Some costs are invisible until a customer is lost
It can be vital to have a viable
customer-relationship management system
Monday, March 19, 2001
Duplicate effort wastes a lot of time in business. For example, customers who want answers to questions may have to pick their way from shipping to a manufacturing plant to sales and even to management.
However, companies can present a unified front and link all their customer-contact systems into one. That's what customer-relationship management systems do, says Jon Hantho, president of customer communications for Symcor Services Inc., a Toronto-based firm that specializes in developing billing and statement solutions.
"We assist our companies to communicate more effectively through the effective use of bills on-line and off-line," he explains. "The bill or statement is a major trigger for a customer encounter. Most of the call volume coming into call centres begins when a customer gets a bill and inquires about the service or an error."
An average call about a bill, which may last no more than 12 minutes, costs $50, Hantho says. "This is what our customers are telling us. The good news is that not all customers call about their bills. The bad news is that a single call can wipe out your profits from a month of business for that customer. The solution, in our mind, is to present bills on-line and link the bills to self-help. Allow the firm to drill down for more information. We have seen telecom firms extend their customer care out of the call centre and onto the Web to enable them to help themselves. For frequently asked questions, the cost is nominal. Some of the services telecoms offer their own customers include a 'who called me' service that allows the customer to key in a number and find out the name associated with it."
More complex and potentially costly telecom-customer queries, such as those that may question whether calls are within a subscriber's call plan, can be handled on-line, Hantho says.
"You may have signed up for e-mail access on your digital wireless phone," he says. "The telco knows how I use the phone.

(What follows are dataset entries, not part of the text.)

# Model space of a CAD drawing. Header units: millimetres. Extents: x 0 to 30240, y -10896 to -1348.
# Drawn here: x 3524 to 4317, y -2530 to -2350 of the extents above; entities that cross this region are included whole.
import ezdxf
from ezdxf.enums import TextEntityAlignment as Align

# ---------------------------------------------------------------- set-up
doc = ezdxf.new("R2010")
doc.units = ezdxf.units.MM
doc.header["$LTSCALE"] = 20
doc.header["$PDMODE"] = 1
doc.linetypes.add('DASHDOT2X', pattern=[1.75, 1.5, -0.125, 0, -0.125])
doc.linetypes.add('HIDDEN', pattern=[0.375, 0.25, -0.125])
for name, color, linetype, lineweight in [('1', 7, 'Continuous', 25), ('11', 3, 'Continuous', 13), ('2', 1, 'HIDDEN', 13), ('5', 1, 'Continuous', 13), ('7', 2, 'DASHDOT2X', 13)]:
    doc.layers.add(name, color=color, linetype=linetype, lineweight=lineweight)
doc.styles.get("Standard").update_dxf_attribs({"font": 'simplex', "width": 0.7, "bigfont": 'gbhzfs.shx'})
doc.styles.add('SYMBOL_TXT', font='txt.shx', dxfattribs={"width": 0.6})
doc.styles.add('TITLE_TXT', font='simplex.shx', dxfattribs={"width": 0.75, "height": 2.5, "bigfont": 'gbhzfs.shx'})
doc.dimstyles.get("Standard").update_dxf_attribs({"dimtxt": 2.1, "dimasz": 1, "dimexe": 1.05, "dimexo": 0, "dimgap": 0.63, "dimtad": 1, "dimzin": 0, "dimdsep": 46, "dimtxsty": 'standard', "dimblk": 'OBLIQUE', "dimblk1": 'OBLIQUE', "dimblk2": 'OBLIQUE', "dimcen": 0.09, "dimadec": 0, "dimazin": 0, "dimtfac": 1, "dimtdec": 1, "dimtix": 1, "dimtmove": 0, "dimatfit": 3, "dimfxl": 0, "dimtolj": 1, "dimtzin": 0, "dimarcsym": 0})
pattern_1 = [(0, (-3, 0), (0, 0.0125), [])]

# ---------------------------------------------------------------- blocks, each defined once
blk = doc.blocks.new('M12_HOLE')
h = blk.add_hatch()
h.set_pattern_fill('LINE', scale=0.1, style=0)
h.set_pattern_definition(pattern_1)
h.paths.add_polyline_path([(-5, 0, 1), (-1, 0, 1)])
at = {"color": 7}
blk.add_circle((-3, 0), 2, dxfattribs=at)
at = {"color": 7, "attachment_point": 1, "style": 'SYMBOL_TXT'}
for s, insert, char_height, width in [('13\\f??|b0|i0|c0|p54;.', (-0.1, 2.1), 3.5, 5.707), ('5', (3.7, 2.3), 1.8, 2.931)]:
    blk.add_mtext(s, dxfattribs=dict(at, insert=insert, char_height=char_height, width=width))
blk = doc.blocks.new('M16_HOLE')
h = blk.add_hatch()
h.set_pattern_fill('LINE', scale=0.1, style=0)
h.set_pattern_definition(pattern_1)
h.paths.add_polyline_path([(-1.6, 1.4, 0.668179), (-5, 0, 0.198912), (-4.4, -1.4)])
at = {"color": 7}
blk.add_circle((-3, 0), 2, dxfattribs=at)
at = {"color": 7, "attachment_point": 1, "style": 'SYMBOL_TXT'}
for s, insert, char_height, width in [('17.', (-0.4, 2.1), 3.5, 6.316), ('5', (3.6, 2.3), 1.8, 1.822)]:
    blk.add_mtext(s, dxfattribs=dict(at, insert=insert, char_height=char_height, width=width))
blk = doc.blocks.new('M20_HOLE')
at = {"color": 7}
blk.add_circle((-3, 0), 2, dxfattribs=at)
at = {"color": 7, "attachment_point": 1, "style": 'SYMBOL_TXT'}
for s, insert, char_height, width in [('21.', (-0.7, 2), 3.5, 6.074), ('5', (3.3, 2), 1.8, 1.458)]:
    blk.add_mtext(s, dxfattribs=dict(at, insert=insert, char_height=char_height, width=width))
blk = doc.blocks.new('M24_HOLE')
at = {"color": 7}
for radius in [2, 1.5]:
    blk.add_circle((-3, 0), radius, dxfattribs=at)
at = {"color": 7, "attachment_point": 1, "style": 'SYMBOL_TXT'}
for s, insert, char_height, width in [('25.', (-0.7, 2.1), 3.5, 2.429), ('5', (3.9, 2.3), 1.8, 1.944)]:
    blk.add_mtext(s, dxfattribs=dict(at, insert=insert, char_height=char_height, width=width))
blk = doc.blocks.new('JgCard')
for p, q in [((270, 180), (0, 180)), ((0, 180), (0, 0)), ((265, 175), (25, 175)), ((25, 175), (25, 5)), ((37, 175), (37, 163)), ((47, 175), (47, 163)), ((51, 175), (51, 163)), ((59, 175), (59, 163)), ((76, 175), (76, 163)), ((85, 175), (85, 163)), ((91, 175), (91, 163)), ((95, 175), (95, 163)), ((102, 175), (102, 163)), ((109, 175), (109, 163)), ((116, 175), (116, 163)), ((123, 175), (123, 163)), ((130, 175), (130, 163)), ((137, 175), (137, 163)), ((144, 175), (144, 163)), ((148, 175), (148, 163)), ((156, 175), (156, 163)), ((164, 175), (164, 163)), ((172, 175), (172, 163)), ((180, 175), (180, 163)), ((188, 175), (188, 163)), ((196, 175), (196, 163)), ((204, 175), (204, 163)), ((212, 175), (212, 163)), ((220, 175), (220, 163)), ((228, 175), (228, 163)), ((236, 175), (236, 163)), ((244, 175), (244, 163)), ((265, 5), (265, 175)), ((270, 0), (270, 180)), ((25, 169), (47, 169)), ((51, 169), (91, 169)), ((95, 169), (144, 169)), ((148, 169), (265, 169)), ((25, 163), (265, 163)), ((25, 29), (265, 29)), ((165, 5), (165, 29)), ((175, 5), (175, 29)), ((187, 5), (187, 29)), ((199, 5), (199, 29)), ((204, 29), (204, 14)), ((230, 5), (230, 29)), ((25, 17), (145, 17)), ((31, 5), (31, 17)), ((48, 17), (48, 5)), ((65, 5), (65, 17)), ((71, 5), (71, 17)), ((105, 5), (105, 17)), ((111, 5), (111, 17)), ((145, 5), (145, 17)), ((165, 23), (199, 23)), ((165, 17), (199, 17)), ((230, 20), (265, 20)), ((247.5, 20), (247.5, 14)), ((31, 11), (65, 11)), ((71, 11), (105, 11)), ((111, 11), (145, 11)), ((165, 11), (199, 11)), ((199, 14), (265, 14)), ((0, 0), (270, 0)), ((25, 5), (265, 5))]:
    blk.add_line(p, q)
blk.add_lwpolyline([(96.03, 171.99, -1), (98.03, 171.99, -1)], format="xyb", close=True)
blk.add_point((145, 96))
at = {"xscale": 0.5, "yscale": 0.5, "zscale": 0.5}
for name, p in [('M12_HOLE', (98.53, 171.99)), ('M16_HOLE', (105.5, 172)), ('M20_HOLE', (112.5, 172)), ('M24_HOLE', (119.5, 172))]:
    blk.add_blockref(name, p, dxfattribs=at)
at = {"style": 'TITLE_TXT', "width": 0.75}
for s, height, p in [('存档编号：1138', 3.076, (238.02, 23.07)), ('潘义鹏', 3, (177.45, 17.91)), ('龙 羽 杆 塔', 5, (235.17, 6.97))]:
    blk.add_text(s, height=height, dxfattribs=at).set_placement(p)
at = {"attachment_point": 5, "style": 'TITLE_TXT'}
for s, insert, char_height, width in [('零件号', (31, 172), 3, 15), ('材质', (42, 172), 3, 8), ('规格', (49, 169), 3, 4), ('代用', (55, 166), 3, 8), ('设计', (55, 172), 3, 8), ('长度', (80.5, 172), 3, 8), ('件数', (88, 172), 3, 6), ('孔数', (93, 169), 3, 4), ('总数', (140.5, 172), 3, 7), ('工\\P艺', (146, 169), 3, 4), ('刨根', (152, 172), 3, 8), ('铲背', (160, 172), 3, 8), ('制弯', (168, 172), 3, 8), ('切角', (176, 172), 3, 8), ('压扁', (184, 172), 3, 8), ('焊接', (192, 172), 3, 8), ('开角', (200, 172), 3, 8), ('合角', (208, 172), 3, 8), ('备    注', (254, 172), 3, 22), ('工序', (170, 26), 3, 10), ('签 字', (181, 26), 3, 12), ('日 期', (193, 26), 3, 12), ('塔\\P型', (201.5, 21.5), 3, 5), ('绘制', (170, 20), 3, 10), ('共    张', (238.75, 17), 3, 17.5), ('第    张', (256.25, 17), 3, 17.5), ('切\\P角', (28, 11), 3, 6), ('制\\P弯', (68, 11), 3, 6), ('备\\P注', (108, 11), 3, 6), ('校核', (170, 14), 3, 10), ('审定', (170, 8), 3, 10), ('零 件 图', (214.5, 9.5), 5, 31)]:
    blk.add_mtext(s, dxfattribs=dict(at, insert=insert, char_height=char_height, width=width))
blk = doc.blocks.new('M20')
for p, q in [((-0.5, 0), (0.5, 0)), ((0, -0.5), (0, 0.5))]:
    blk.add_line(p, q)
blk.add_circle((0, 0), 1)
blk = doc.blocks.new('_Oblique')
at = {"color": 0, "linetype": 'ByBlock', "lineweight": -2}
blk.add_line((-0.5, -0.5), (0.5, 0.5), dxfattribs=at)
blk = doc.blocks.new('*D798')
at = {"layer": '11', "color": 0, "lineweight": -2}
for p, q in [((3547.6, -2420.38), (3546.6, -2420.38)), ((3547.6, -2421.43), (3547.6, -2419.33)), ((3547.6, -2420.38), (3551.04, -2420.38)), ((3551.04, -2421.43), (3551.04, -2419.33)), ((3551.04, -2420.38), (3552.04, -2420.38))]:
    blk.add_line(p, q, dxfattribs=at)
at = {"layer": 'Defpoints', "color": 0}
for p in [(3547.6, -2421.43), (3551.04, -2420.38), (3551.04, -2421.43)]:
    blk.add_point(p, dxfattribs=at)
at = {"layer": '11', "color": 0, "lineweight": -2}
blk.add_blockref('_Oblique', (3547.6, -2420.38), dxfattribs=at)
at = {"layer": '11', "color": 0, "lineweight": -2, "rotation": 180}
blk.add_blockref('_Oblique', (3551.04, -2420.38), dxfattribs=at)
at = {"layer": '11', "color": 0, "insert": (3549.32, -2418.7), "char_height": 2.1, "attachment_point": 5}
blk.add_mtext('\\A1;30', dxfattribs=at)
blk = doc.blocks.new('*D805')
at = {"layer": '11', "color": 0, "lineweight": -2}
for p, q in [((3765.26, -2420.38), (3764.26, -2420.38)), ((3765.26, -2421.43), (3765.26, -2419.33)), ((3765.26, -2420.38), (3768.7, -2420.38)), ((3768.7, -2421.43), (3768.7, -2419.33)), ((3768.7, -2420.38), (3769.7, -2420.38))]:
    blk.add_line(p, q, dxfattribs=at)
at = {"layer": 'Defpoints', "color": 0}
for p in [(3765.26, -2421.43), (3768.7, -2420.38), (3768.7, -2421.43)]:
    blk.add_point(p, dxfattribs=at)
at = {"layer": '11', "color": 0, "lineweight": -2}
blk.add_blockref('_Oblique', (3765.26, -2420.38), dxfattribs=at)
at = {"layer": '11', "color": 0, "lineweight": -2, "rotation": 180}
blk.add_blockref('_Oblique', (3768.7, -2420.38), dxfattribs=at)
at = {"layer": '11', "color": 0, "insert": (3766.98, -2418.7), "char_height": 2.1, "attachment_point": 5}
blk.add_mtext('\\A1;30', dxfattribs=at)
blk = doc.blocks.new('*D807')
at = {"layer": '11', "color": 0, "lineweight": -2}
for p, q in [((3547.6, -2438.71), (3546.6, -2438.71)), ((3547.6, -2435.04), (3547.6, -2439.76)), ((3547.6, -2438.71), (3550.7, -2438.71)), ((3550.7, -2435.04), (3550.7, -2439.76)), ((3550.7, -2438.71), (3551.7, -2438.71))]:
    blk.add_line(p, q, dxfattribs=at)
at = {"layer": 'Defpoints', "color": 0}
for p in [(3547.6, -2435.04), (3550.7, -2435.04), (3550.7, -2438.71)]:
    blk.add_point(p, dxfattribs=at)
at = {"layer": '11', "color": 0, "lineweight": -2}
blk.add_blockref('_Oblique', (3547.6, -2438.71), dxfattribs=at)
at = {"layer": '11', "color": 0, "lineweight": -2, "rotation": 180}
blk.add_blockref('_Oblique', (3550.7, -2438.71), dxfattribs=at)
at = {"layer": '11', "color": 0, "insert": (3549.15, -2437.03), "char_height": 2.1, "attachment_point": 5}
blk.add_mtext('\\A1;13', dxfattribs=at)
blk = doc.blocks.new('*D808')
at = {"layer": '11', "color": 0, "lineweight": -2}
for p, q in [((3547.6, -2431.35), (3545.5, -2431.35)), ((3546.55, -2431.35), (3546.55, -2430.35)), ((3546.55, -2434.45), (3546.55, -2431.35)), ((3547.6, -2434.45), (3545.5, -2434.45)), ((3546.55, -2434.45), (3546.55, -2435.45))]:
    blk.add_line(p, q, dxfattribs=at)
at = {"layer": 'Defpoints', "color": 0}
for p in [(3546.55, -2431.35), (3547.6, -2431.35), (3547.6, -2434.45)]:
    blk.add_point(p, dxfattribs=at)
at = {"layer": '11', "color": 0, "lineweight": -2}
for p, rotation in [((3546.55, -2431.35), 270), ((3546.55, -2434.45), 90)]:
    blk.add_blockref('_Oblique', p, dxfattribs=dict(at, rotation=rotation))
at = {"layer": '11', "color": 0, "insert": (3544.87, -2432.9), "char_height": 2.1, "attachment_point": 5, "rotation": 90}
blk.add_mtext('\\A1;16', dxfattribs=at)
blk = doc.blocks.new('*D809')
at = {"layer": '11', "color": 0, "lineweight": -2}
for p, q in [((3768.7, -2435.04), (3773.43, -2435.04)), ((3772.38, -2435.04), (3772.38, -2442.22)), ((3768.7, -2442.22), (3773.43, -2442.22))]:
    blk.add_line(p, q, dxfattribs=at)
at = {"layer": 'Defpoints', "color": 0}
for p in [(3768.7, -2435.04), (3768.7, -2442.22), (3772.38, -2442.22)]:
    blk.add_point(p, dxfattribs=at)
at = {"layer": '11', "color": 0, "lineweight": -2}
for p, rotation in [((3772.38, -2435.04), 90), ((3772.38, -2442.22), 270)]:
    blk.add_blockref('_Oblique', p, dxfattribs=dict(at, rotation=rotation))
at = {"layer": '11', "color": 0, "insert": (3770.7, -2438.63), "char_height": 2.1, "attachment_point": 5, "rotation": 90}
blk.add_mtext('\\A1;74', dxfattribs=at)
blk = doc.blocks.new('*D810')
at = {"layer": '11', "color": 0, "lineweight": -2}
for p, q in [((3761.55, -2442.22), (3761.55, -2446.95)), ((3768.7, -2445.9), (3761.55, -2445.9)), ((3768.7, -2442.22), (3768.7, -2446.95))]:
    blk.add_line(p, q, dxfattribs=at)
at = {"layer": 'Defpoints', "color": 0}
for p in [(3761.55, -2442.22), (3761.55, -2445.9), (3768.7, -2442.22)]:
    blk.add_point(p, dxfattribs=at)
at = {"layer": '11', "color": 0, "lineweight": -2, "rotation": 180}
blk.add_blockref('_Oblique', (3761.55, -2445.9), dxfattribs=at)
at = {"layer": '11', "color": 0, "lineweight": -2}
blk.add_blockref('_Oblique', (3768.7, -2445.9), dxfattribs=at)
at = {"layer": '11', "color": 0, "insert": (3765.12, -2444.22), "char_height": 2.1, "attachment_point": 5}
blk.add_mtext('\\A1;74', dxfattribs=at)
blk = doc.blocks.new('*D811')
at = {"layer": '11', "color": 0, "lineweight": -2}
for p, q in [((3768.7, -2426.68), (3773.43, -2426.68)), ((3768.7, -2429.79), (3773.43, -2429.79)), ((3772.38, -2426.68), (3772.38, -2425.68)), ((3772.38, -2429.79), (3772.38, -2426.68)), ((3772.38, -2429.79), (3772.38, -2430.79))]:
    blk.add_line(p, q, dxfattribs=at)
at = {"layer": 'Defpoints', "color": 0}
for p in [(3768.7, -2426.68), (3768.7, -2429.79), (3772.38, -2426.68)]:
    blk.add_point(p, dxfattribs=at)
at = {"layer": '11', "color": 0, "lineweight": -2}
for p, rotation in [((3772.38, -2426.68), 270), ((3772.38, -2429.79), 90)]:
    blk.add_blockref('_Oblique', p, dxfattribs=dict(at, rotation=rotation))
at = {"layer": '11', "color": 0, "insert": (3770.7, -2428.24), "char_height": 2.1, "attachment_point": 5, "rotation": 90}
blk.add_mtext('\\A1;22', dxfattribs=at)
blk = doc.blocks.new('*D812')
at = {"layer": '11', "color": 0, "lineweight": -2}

When my bill pops on the Net when the customer initiates a query, the company should be able to review the account and make recommendations on how the customer can make better use of the technology or change the plan."
The technology to do immediate call-traffic analysis is available, but no telco in Canada or the United States currently does it, Hantho says, adding, "Our firm can do this, and it would be possible to implement it for no more than a few hundred thousand dollars for a customer that already has a Web-accessible customer database."
Would this really be cost efficient? Yes, Hantho says. "You measure against call-centre activity and see how much it declines after call-analysis software is installed. You also have to check Web-site hits to ensure that the traffic that has left the call centres has moved to your Web site."
He continues: "To demonstrate that interactive account-query systems are working, we like to see a reduction in customer turnover. A major issue for companies today is what we call 'churn' -- customers defecting to competitors."
"We know that in wireless, the churn rate can be 2 to 3 per cent annually. If you can measure a better relationship between improved customer service and a reduction in the defection rate, then you have hit the sweet spot in terms of payback of what enhanced customer handling costs."
The concept behind costing forgone relationships relies on a what-might-have-been concept of opportunity profit. "If a firm has not kept a customer for as long as needed to get a return on investment, including the cost of acquiring the customer, the investment in that customer is lost," Hantho says.
Enchanced bill-analysis service reduces not only the direct costs of finding out information about accounts, it also reduces the opportunity cost of losing a customer to a competitor, Hantho says.
In the larger world of cost-tracking and administration, software that improves customer retention and reduces the cost of "care and feeding" a customer also trims visible and invisible costs. There is nothing invisible in the math that says that a customer acquired today has to produce a return.
"But that return may require a relationship of months. In the business of cellphones . . . maintaining the relationship is the condition of profitability. And helping the customer to make the most of the service is the means by which telcos can raise their own profits."
Today, firms that provide services to their customers have to understand profitability not just by line or business, product or service, but also by the customer. So the new math that will make companies successful will allow them to retain profitable customers and create strategies to turn even unprofitable accounts into ones that generate acceptable returns.